Liquidity at 1Q20 was falling, suggesting a need for further funding to weather working capital swings. Group 1Q20 liquidity at the corporate level includes EUR 291m of cash while it had drawn a EUR 611m combined total of its EUR 650m RCF and EUR 450m NEU commercial paper.
“There is good value on [US-headquartered] Avis and Hertz as well as Europcar, particularly the recent Avis senior secured note, which came at a 10.5% coupon with 97 OID and was pari passu with term loans,” a second buysider said. “There are solutions and post-confinement, there will be pent up demand because people will want to avoid public transport, but it’s all about liquidity duration here. People will be ready to drive 1,000 km rather than fly or take the train and maybe more in the US!”
The Sixt sense
In recent weeks the group has secured EUR 321m of new financing facilities including a EUR 220m term loan 90% guaranteed by the French state, EUR 81m new financing facilities 70% guaranteed by the French state and a EUR 20m incremental RCF funded by Eurazeo. The state guaranteed facilities are unsecured debt, ranking pari-passu with the senior unsecured bonds.
There could also be further funding in the pipeline from other country governments aside from France and Spain. German car rental peer Sixt SE signed a syndicated loan agreement with a bank consortium including KfW government support for a EUR 1.5bn two-year revolving credit facility.

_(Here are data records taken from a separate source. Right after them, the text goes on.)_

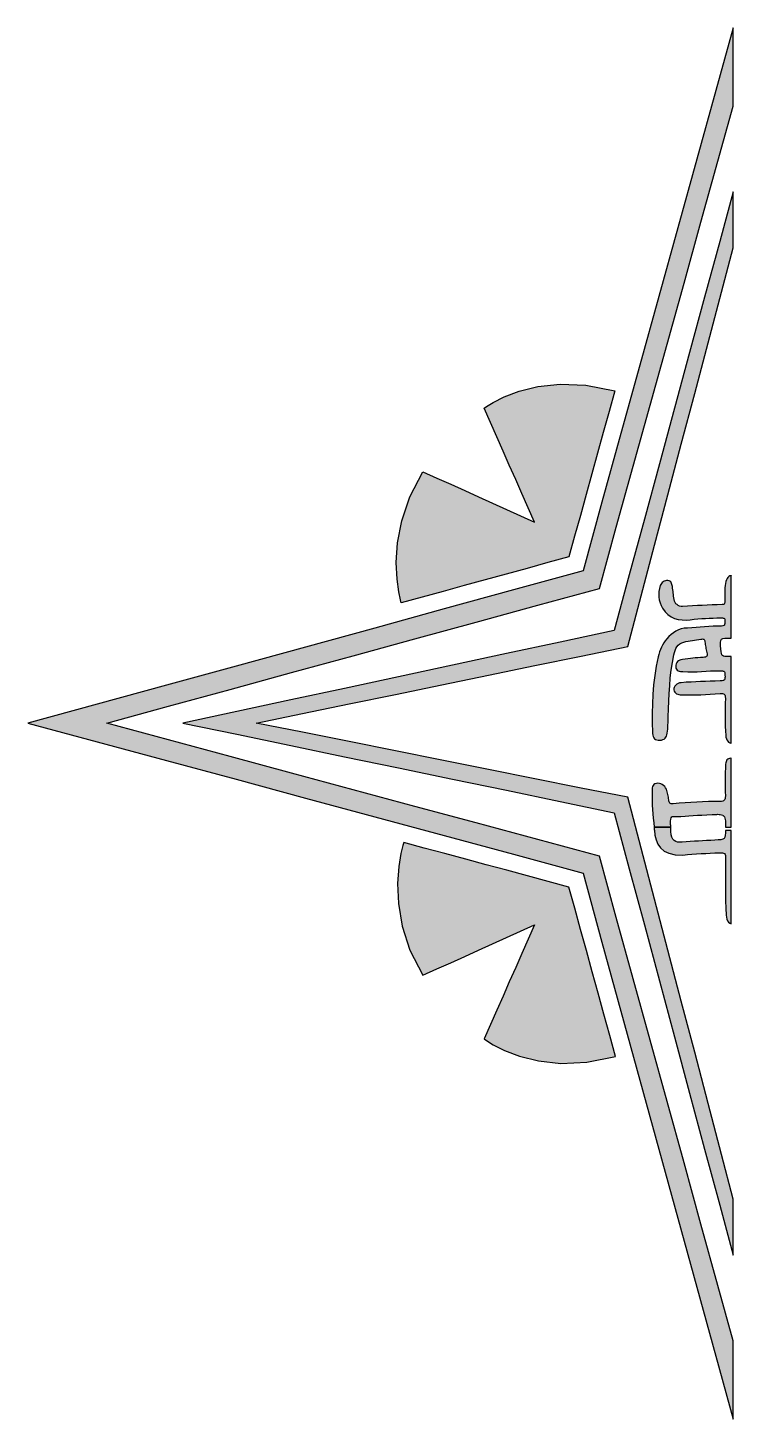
# Model space of a CAD drawing. Extents: x 13.9 to 34.2, y 3.8 to 23.8.
# Drawn here: x 13.94 to 24.07, y 3.81 to 23.77 of the extents above; entities that cross this region are included whole.
import ezdxf

# ---------------------------------------------------------------- set-up
doc = ezdxf.new("R2010")
doc.units = 0
doc.header["$MEASUREMENT"] = 0
doc.layers.add('_U_30EC_U_30A4_U_30E4_U_38', color=7, linetype='CONTINUOUS')

msp = doc.modelspace()

# ---------------------------------------------------------------- hatches: boundary and pattern name
at = {"layer": '_U_30EC_U_30A4_U_30E4_U_38'}
h = msp.add_hatch(color=29, dxfattribs=at)
h.dxf.hatch_style = 2
h.paths.add_polyline_path([(24.071, 4.929), (23.851, 5.724), (23.608, 6.604), (23.365, 7.484), (23.122, 8.364), (22.879, 9.244), (22.635, 10.124), (22.392, 11.004), (22.149, 11.884), (21.265, 12.123), (20.381, 12.361), (19.497, 12.6), (18.613, 12.839), (17.729, 13.078), (16.845, 13.317), (15.961, 13.556), (15.077, 13.795), (15.961, 14.036), (16.845, 14.278), (17.729, 14.52), (18.613, 14.762), (19.497, 15.003), (20.381, 15.245), (21.265, 15.487), (22.149, 15.728), (22.392, 16.604), (22.635, 17.48), (22.879, 18.355), (23.122, 19.231), (23.365, 20.106), (23.608, 20.982), (23.851, 21.858), (24.071, 22.648), (24.071, 23.772), (23.822, 22.872), (23.549, 21.887), (23.277, 20.902), (23.004, 19.918), (22.732, 18.933), (22.459, 17.948), (22.186, 16.963), (21.914, 15.978), (20.917, 15.705), (19.921, 15.432), (18.924, 15.159), (17.927, 14.886), (16.931, 14.613), (15.934, 14.341), (14.937, 14.068), (13.941, 13.795), (14.937, 13.526), (15.934, 13.257), (16.931, 12.988), (17.927, 12.719), (18.924, 12.45), (19.92, 12.181), (20.917, 11.912), (21.914, 11.643), (22.186, 10.653), (22.459, 9.663), (22.732, 8.672), (23.004, 7.682), (23.277, 6.691), (23.549, 5.701), (23.822, 4.71), (24.071, 3.806)])
h = msp.add_hatch(color=29, dxfattribs=at)
h.dxf.hatch_style = 2
h.paths.add_polyline_path([(24.071, 6.964), (23.902, 7.606), (23.71, 8.338), (23.518, 9.07), (23.326, 9.802), (23.134, 10.534), (22.941, 11.266), (22.749, 11.998), (22.557, 12.73), (21.89, 12.863), (21.223, 12.996), (20.556, 13.129), (19.889, 13.262), (19.222, 13.396), (18.555, 13.529), (17.888, 13.662), (17.221, 13.795), (17.888, 13.932), (18.555, 14.069), (19.222, 14.207), (19.889, 14.344), (20.556, 14.482), (21.223, 14.619), (21.89, 14.756), (22.557, 14.894), (22.749, 15.62), (22.941, 16.346), (23.134, 17.072), (23.326, 17.799), (23.518, 18.525), (23.71, 19.251), (23.902, 19.977), (24.071, 20.614), (24.071, 21.417), (23.878, 20.707), (23.661, 19.909), (23.445, 19.112), (23.228, 18.314), (23.012, 17.517), (22.795, 16.72), (22.578, 15.922), (22.362, 15.125), (21.587, 14.958), (20.813, 14.792), (20.039, 14.626), (19.264, 14.46), (18.49, 14.293), (17.716, 14.127), (16.941, 13.961), (16.167, 13.795), (16.941, 13.634), (17.716, 13.473), (18.49, 13.312), (19.264, 13.152), (20.039, 12.991), (20.813, 12.83), (21.587, 12.669), (22.362, 12.509), (22.578, 11.704), (22.795, 10.9), (23.012, 10.095), (23.228, 9.291), (23.445, 8.486), (23.661, 7.682), (23.878, 6.877), (24.071, 6.161)])
h = msp.add_hatch(color=29, dxfattribs=at)
h.dxf.hatch_style = 2
h.paths.add_polyline_path([(19.303, 15.52), (19.292, 15.561), (19.267, 15.678), (19.243, 15.86), (19.233, 16.097), (19.251, 16.38), (19.312, 16.698), (19.427, 17.042), (19.613, 17.402), (19.814, 17.311), (20.014, 17.221), (20.215, 17.13), (20.415, 17.04), (20.616, 16.95), (20.817, 16.859), (21.017, 16.769), (21.218, 16.678), (21.127, 16.883), (21.037, 17.087), (20.947, 17.291), (20.856, 17.495), (20.766, 17.699), (20.676, 17.903), (20.585, 18.107), (20.495, 18.312), (20.528, 18.336), (20.625, 18.396), (20.782, 18.476), (20.997, 18.559), (21.267, 18.626), (21.588, 18.66), (21.957, 18.645), (22.371, 18.562), (22.289, 18.264), (22.206, 17.966), (22.124, 17.669), (22.042, 17.371), (21.959, 17.073), (21.877, 16.775), (21.794, 16.478), (21.712, 16.18), (21.411, 16.097), (21.11, 16.015), (20.809, 15.932), (20.508, 15.85), (20.207, 15.768), (19.906, 15.685), (19.604, 15.603)])
h = msp.add_hatch(color=29, dxfattribs=at)
h.dxf.hatch_style = 2
h.paths.add_polyline_path([(24.044, 14.75), (24.039, 14.75), (24.032, 14.75), (24.025, 14.75), (24.018, 14.75), (24.011, 14.75), (23.976, 14.75), (23.949, 14.752), (23.93, 14.756), (23.917, 14.763), (23.908, 14.776), (23.902, 14.795), (23.898, 14.821), (23.895, 14.855), (23.89, 14.909), (23.889, 14.949), (23.892, 14.978), (23.903, 14.997), (23.922, 15.008), (23.951, 15.014), (23.992, 15.014), (24.044, 15.013), (24.044, 15.911), (24.042, 15.91), (24.024, 15.906), (24.008, 15.898), (23.994, 15.886), (23.983, 15.871), (23.973, 15.851), (23.966, 15.828), (23.96, 15.8), (23.955, 15.768), (23.952, 15.737), (23.95, 15.705), (23.949, 15.673), (23.949, 15.641), (23.95, 15.609), (23.95, 15.577), (23.951, 15.545), (23.951, 15.534), (23.95, 15.524), (23.948, 15.516), (23.945, 15.509), (23.94, 15.503), (23.933, 15.498), (23.923, 15.496), (23.911, 15.495), (23.84, 15.493), (23.769, 15.491), (23.698, 15.488), (23.627, 15.484), (23.556, 15.48), (23.486, 15.476), (23.415, 15.471), (23.344, 15.467), (23.322, 15.468), (23.301, 15.473), (23.281, 15.482), (23.264, 15.494), (23.248, 15.508), (23.236, 15.526), (23.227, 15.545), (23.221, 15.567), (23.218, 15.59), (23.215, 15.614), (23.212, 15.638), (23.209, 15.662), (23.207, 15.685), (23.204, 15.709), (23.201, 15.733), (23.197, 15.756), (23.195, 15.771), (23.192, 15.785), (23.187, 15.798), (23.181, 15.811), (23.173, 15.822), (23.163, 15.83), (23.15, 15.836), (23.134, 15.839), (23.115, 15.839), (23.097, 15.836), (23.08, 15.831), (23.065, 15.823), (23.052, 15.813), (23.04, 15.8), (23.03, 15.785), (23.023, 15.767), (23.012, 15.725), (23.005, 15.684), (23.002, 15.643), (23.004, 15.602), (23.01, 15.562), (23.021, 15.522), (23.036, 15.483), (23.056, 15.445), (23.092, 15.393), (23.133, 15.352), (23.178, 15.32), (23.227, 15.297), (23.28, 15.282), (23.336, 15.274), (23.394, 15.273), (23.455, 15.278), (23.51, 15.284), (23.564, 15.29), (23.619, 15.294), (23.673, 15.297), (23.728, 15.3), (23.782, 15.302), (23.837, 15.303), (23.892, 15.304), (23.905, 15.304), (23.918, 15.304), (23.929, 15.302), (23.938, 15.299), (23.946, 15.294), (23.95, 15.287), (23.953, 15.275), (23.952, 15.26), (23.951, 15.247), (23.951, 15.235), (23.951, 15.222), (23.948, 15.211), (23.944, 15.201), (23.935, 15.194), (23.922, 15.189), (23.903, 15.187), (23.842, 15.187), (23.781, 15.185), (23.72, 15.181), (23.659, 15.177), (23.598, 15.172), (23.537, 15.167), (23.475, 15.163), (23.414, 15.159), (23.368, 15.155), (23.325, 15.145), (23.285, 15.131), (23.248, 15.113), (23.213, 15.091), (23.18, 15.066), (23.148, 15.037), (23.118, 15.005), (23.094, 14.976), (23.073, 14.946), (23.055, 14.915), (23.04, 14.882), (23.026, 14.849), (23.014, 14.815), (23.004, 14.78), (22.995, 14.745), (22.966, 14.611), (22.944, 14.477), (22.928, 14.342), (22.918, 14.207), (22.912, 14.072), (22.909, 13.936), (22.909, 13.8), (22.911, 13.664), (22.911, 13.662), (22.912, 13.659), (22.912, 13.657), (22.912, 13.654), (22.913, 13.651), (22.913, 13.649), (22.913, 13.646), (22.914, 13.644), (22.917, 13.621), (22.922, 13.601), (22.931, 13.584), (22.942, 13.57), (22.957, 13.56), (22.974, 13.553), (22.995, 13.549), (23.019, 13.548), (23.041, 13.551), (23.061, 13.557), (23.078, 13.565), (23.092, 13.577), (23.103, 13.591), (23.112, 13.609), (23.119, 13.628), (23.123, 13.651), (23.127, 13.68), (23.13, 13.709), (23.133, 13.738), (23.134, 13.768), (23.136, 13.797), (23.137, 13.826), (23.138, 13.855), (23.139, 13.885), (23.143, 13.997), (23.147, 14.108), (23.152, 14.22), (23.159, 14.331), (23.168, 14.443), (23.18, 14.554), (23.197, 14.664), (23.219, 14.775), (23.226, 14.806), (23.236, 14.836), (23.248, 14.864), (23.263, 14.89), (23.281, 14.913), (23.303, 14.932), (23.331, 14.947), (23.363, 14.957), (23.393, 14.964), (23.424, 14.97), (23.454, 14.975), (23.485, 14.98), (23.516, 14.985), (23.546, 14.99), (23.577, 14.995), (23.608, 15), (23.619, 15.001), (23.629, 15.002), (23.639, 15), (23.647, 14.997), (23.653, 14.992), (23.659, 14.985), (23.663, 14.974), (23.665, 14.961), (23.667, 14.941), (23.67, 14.922), (23.673, 14.902), (23.677, 14.883), (23.68, 14.864), (23.685, 14.844), (23.689, 14.825), (23.694, 14.806), (23.698, 14.789), (23.699, 14.775), (23.697, 14.763), (23.692, 14.754), (23.684, 14.748), (23.673, 14.743), (23.659, 14.74), (23.641, 14.738), (23.601, 14.735), (23.563, 14.732), (23.527, 14.729), (23.491, 14.725), (23.456, 14.721), (23.42, 14.716), (23.383, 14.712), (23.342, 14.707), (23.321, 14.703), (23.303, 14.697), (23.286, 14.688), (23.271, 14.677), (23.26, 14.664), (23.252, 14.647), (23.247, 14.627), (23.246, 14.605), (23.249, 14.583), (23.256, 14.567), (23.267, 14.555), (23.28, 14.546), (23.296, 14.541), (23.313, 14.537), (23.33, 14.535), (23.349, 14.534), (23.419, 14.531), (23.487, 14.53), (23.552, 14.532), (23.617, 14.535), (23.681, 14.539), (23.746, 14.543), (23.814, 14.546), (23.884, 14.546), (23.895, 14.546), (23.906, 14.546), (23.918, 14.545), (23.929, 14.542), (23.938, 14.538), (23.946, 14.53), (23.951, 14.52), (23.953, 14.505), (23.953, 14.481), (23.954, 14.46), (23.953, 14.442), (23.95, 14.427), (23.944, 14.416), (23.931, 14.408), (23.913, 14.403), (23.886, 14.403), (23.812, 14.398), (23.741, 14.395), (23.671, 14.393), (23.603, 14.39), (23.535, 14.387), (23.466, 14.384), (23.397, 14.38), (23.325, 14.374), (23.302, 14.37), (23.281, 14.363), (23.262, 14.352), (23.245, 14.339), (23.232, 14.323), (23.223, 14.307), (23.219, 14.289), (23.219, 14.272), (23.225, 14.252), (23.234, 14.236), (23.245, 14.224), (23.258, 14.215), (23.274, 14.209), (23.291, 14.205), (23.309, 14.202), (23.327, 14.201), (23.398, 14.199), (23.468, 14.198), (23.537, 14.199), (23.605, 14.201), (23.673, 14.204), (23.742, 14.208), (23.811, 14.213), (23.882, 14.218), (23.902, 14.219), (23.918, 14.218), (23.931, 14.215), (23.942, 14.209), (23.95, 14.2), (23.955, 14.187), (23.958, 14.17), (23.959, 14.148), (23.958, 14.082), (23.957, 14.015), (23.956, 13.948), (23.956, 13.882), (23.957, 13.815), (23.958, 13.748), (23.961, 13.682), (23.964, 13.615), (23.967, 13.592), (23.973, 13.57), (23.981, 13.552), (23.992, 13.535), (24.005, 13.522), (24.021, 13.513), (24.038, 13.507), (24.044, 13.507)])
h = msp.add_hatch(color=29, dxfattribs=at)
h.dxf.hatch_style = 2
h.paths.add_polyline_path([(24.044, 13.291), (24.042, 13.291), (24.035, 13.29), (24.019, 13.287), (24.005, 13.282), (23.993, 13.275), (23.982, 13.265), (23.974, 13.254), (23.968, 13.24), (23.964, 13.223), (23.962, 13.204), (23.959, 13.147), (23.958, 13.091), (23.957, 13.034), (23.956, 12.977), (23.956, 12.92), (23.957, 12.863), (23.958, 12.806), (23.959, 12.749), (23.958, 12.729), (23.956, 12.712), (23.951, 12.698), (23.943, 12.687), (23.933, 12.679), (23.92, 12.674), (23.904, 12.671), (23.884, 12.67), (23.8, 12.67), (23.715, 12.669), (23.631, 12.666), (23.547, 12.662), (23.463, 12.657), (23.379, 12.651), (23.295, 12.644), (23.211, 12.636), (23.194, 12.635), (23.181, 12.637), (23.17, 12.641), (23.162, 12.647), (23.155, 12.655), (23.151, 12.666), (23.148, 12.679), (23.145, 12.694), (23.143, 12.713), (23.14, 12.733), (23.136, 12.752), (23.132, 12.771), (23.128, 12.79), (23.123, 12.809), (23.117, 12.827), (23.111, 12.846), (23.101, 12.867), (23.088, 12.885), (23.072, 12.901), (23.053, 12.914), (23.033, 12.923), (23.012, 12.929), (22.99, 12.931), (22.969, 12.929), (22.948, 12.922), (22.932, 12.912), (22.92, 12.899), (22.913, 12.884), (22.908, 12.867), (22.906, 12.849), (22.905, 12.831), (22.905, 12.812), (22.905, 12.747), (22.906, 12.683), (22.909, 12.619), (22.913, 12.556), (22.918, 12.492), (22.923, 12.428), (22.929, 12.364), (22.935, 12.301), (22.965, 12.301), (22.995, 12.301), (23.025, 12.301), (23.055, 12.301), (23.084, 12.301), (23.114, 12.301), (23.144, 12.301), (23.174, 12.301), (23.174, 12.305), (23.174, 12.309), (23.173, 12.314), (23.173, 12.319), (23.173, 12.324), (23.173, 12.33), (23.172, 12.336), (23.172, 12.343), (23.172, 12.386), (23.174, 12.416), (23.179, 12.436), (23.188, 12.447), (23.2, 12.452), (23.216, 12.454), (23.237, 12.453), (23.262, 12.453), (23.321, 12.456), (23.379, 12.46), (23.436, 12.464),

“Debt has only been raised in France and Spain so other governments could help; for instance, Sixt received the RCF from the German government. If there is a liquidity hole of EUR 100m throughout the cycle then Eurazeo will have a big return on capital if they inject cash,” the third buysider said. “The industry can bounce back. If there are fewer cars to rent, then prices go up so the return on invested capital does well. They are burning cash currently and I’d not put my hand in the fire, but they should have enough liquidity and could get funds from the government.”
The group is also hopeful it can reign back cashburn through improving earnings with its cost-cutting plans. The EUR 850m cost-reduction programme for the year includes a sharp reduction in fleet volumes with the average fleet down around 20% YoY in April and planned to reduce by a third in June. It also hopes to reduce operating variable costs while 80% of its employees are under partial employment, with further HQ cost cuts on the cards as well.
Europcar’s EUR 600m 4.125% senior secured 2024s lost eight points since Monday (4 May) to 55.25-mid yielding 19.5% while the EUR 450m 4% senior unsecured 2026s dropped seven points and are indicated at 53.5-mid yielding 19.5%, though both bonds have been steady since Tuesday evening reporting, according to Markit. S&P have estimated recovery values of zero to 10%, according to the analyst.
“You don’t short bonds at 50 cents, but I wouldn’t long either as these senior notes could still go down to 10 cents,” the first buysider said. “We know for certain that the next quarter will be completely bad, and it is best to wait for this quarter to pass and then decide to invest.”
There had been analyst hypotheses of a possible change of control, should sponsor Eurazeo sell its holding and another shareholder acquires more than 50% of voting power. However, the 29.9% Europcar shareholder participated in the recent Europcar financing alongside the French state and bank consortium, suggesting it remains committed.